_What you are asked to do_:
Copy nothing but the lines below, from the one with "settings SimscapeCC: SimscapeLogType=all" through the one with "DC bus repair", exactly as written; no pictures should appear.
"""
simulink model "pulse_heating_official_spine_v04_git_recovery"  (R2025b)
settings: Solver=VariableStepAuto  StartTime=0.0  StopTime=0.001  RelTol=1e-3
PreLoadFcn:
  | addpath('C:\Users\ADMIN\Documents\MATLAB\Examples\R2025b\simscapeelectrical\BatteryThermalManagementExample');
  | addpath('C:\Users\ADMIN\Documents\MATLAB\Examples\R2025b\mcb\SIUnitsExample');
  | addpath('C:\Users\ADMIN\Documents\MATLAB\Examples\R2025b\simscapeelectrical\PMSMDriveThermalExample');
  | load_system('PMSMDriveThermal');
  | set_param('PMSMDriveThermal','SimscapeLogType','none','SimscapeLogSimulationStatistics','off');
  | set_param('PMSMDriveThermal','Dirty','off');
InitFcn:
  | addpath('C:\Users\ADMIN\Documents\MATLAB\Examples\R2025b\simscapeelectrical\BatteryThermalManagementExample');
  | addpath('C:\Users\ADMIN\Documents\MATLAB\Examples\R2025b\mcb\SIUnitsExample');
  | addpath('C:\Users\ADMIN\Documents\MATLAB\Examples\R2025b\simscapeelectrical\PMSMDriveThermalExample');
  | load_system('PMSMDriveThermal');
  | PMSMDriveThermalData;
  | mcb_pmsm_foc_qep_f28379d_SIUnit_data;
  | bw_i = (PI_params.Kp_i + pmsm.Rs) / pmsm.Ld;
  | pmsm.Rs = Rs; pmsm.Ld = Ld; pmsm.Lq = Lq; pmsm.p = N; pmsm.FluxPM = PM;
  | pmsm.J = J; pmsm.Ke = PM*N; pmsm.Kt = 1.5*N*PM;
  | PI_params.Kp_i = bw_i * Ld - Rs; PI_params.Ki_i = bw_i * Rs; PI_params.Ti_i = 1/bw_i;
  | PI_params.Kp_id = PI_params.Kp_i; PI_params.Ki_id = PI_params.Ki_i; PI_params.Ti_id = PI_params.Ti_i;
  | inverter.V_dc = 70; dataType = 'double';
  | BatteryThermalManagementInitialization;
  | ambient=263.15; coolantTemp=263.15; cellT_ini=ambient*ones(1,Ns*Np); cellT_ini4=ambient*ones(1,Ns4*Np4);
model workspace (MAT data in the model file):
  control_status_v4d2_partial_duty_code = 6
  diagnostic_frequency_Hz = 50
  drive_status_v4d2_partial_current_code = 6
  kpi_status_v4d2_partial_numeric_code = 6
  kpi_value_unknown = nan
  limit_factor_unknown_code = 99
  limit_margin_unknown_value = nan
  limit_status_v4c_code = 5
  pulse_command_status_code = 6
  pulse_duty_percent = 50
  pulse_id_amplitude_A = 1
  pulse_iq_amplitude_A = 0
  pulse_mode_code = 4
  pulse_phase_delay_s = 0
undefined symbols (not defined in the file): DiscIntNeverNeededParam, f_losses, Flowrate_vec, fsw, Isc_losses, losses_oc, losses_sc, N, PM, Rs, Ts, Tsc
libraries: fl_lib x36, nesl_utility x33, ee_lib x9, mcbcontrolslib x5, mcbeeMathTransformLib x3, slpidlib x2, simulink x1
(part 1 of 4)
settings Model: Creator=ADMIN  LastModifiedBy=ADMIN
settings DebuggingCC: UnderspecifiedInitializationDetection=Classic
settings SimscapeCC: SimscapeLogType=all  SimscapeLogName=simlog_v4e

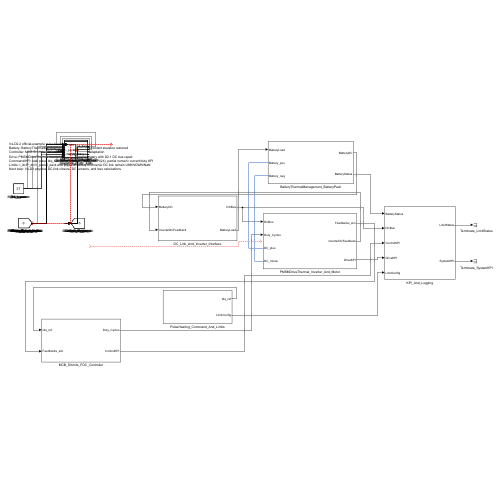
[thumbnail: Simulink's stored preview of the top-level diagram]
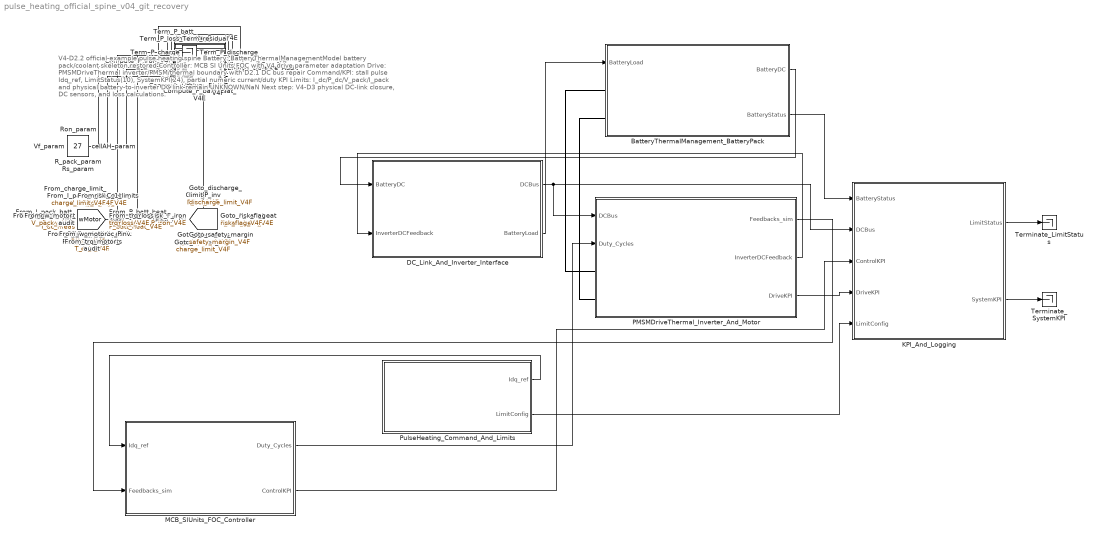
== system pulse_heating_official_spine_v04_git_recovery ==
  note: V4-D2.2 official-example pulse heating spine
      | Battery: BatteryThermalManagementModel battery pack/coolant skeleton restored
      | Controller: MCB SI Units FOC with V4 drive parameter adaptation
      | Drive: PMSMDriveThermal inverter/PMSM/thermal boundary with D2.1 DC bus repair
      | Command/KPI: stall pulse Idq_ref, LimitStatus(10), SystemKPI(24), partial numeric current/duty KPI
      | Limits: I_dc/P_dc/V_pack/I_pack and physical battery-to-inverter DC link remain UNKNOWN/NaN
      | Next step: V4-D3 physical DC-link closure, DC sensors, and loss calculations.
  BatteryThermalManagement_BatteryPack : Subsystem
  Compute_Battery_Limits_V4F : MATLAB Function  TreatAsAtomicUnit=on
  Compute_I_rms_V4G : MATLAB Function  TreatAsAtomicUnit=on
  Compute_Lithium_Risk_V4F : MATLAB Function  TreatAsAtomicUnit=on
  Compute_P_batt_heat_V4E : MATLAB Function  TreatAsAtomicUnit=on
  Compute_P_cu_V4E : MATLAB Function  TreatAsAtomicUnit=on
  Compute_P_inv_V4E : MATLAB Function  TreatAsAtomicUnit=on
  Compute_P_iron_V4E : MATLAB Function  TreatAsAtomicUnit=on
  DC_Link_And_Inverter_Interface : Subsystem
  Energy_Balance_Audit : MATLAB Function  TreatAsAtomicUnit=on
  KPI_And_Logging : Subsystem
  MCB_SIUnits_FOC_Controller : Subsystem
  PMSMDriveThermal_Inverter_And_Motor : Subsystem
  PulseHeating_Command_And_Limits : Subsystem
  R_pack_param : Constant  Value=0.1785
  Ron_param : Constant  Value=0.001
  Rs_param : Constant  Value=Rs
  Term_P_batt_terminal : Terminator
  Term_P_charge : Terminator
  Term_P_discharge : Terminator
  Term_P_loss_total : Terminator
  Term_residual : Terminator
  Terminate_LimitStatus : Terminator
  Terminate_SystemKPI : Terminator
  Vf_param : Constant  Value=0.8
  cellAH_param : Constant  Value=27
  tag scope: I_batt_rms_V4G=global, P_batt_heat_V4E=global, P_cu_V4E=global, P_inv_V4E=global, P_iron_V4E=global, charge_limit_V4F=global, discharge_limit_V4F=global, risk_flag_V4F=global, safety_margin_V4F=global
  wires:
  ? -> ?
  KPI_And_Logging/2(SystemKPI) -> Terminate_SystemKPI/1
  KPI_And_Logging/1(LimitStatus) -> Terminate_LimitStatus/1
  BatteryThermalManagement_BatteryPack/2(BatteryStatus) -> KPI_And_Logging/1(BatteryStatus)
  BatteryThermalManagement_BatteryPack/1(BatteryDC) -> DC_Link_And_Inverter_Interface/1(BatteryDC)
  MCB_SIUnits_FOC_Controller/2(ControlKPI) -> KPI_And_Logging/3(ControlKPI)
  MCB_SIUnits_FOC_Controller/1(Duty_Cycles) -> PMSMDriveThermal_Inverter_And_Motor/2(Duty_Cycles)
  DC_Link_And_Inverter_Interface/2(BatteryLoad) -> BatteryThermalManagement_BatteryPack/1(BatteryLoad)
  DC_Link_And_Inverter_Interface/1(DCBus) -> KPI_And_Logging/2(DCBus), PMSMDriveThermal_Inverter_And_Motor/1(DCBus)
  PMSMDriveThermal_Inverter_And_Motor/3(DriveKPI) -> KPI_And_Logging/4(DriveKPI)
  PMSMDriveThermal_Inverter_And_Motor/2(InverterDCFeedback) -> DC_Link_And_Inverter_Interface/2(InverterDCFeedback)
  PulseHeating_Command_And_Limits/2(LimitConfig) -> KPI_And_Logging/5(LimitConfig)
  PMSMDriveThermal_Inverter_And_Motor/1(Feedbacks_sim) -> MCB_SIUnits_FOC_Controller/2(Feedbacks_sim)
  PulseHeating_Command_And_Limits/1(Idq_ref) -> MCB_SIUnits_FOC_Controller/1(Idq_ref)
  [Idq_debug_V4E] -> Compute_P_cu_V4E/1(Idq_debug)
  Rs_param/1 -> Compute_P_cu_V4E/2(Rs)
  Compute_P_cu_V4E/1(P_cu) -> [P_cu_V4E]
  [trq_loss_V4E] -> Compute_P_iron_V4E/1(trq_loss)
  [wMotor] -> Compute_P_iron_V4E/2(w_motor)
  Compute_P_iron_V4E/1(P_iron) -> [P_iron_V4E]
  [i] -> Compute_P_inv_V4E/1(i_abc)
  Ron_param/1 -> Compute_P_inv_V4E/2(Ron)
  Vf_param/1 -> Compute_P_inv_V4E/3(Vf)
  Compute_P_inv_V4E/1(P_inv) -> [P_inv_V4E]
  [I_dc_meas] -> Compute_P_batt_heat_V4E/1(I_pack)
  R_pack_param/1 -> Compute_P_batt_heat_V4E/2(R_pack)
  Compute_P_batt_heat_V4E/1(P_batt_heat) -> [P_batt_heat_V4E]
  [V_pack_meas] -> Energy_Balance_Audit/1(V_pack)
  [I_dc_meas] -> Energy_Balance_Audit/2(I_pack)
  [P_cu_V4E] -> Energy_Balance_Audit/3(P_cu)
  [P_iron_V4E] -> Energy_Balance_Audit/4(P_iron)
"""
_Output of the task_:
settings SimscapeCC: SimscapeLogType=all  SimscapeLogName=simlog_v4e

[thumbnail: Simulink's stored preview of the top-level diagram]
== system pulse_heating_official_spine_v04_git_recovery ==
  note: V4-D2.2 official-example pulse heating spine
      | Battery: BatteryThermalManagementModel battery pack/coolant skeleton restored
      | Controller: MCB SI Units FOC with V4 drive parameter adaptation
      | Drive: PMSMDriveThermal inverter/PMSM/thermal boundary with D2.1 DC bus repair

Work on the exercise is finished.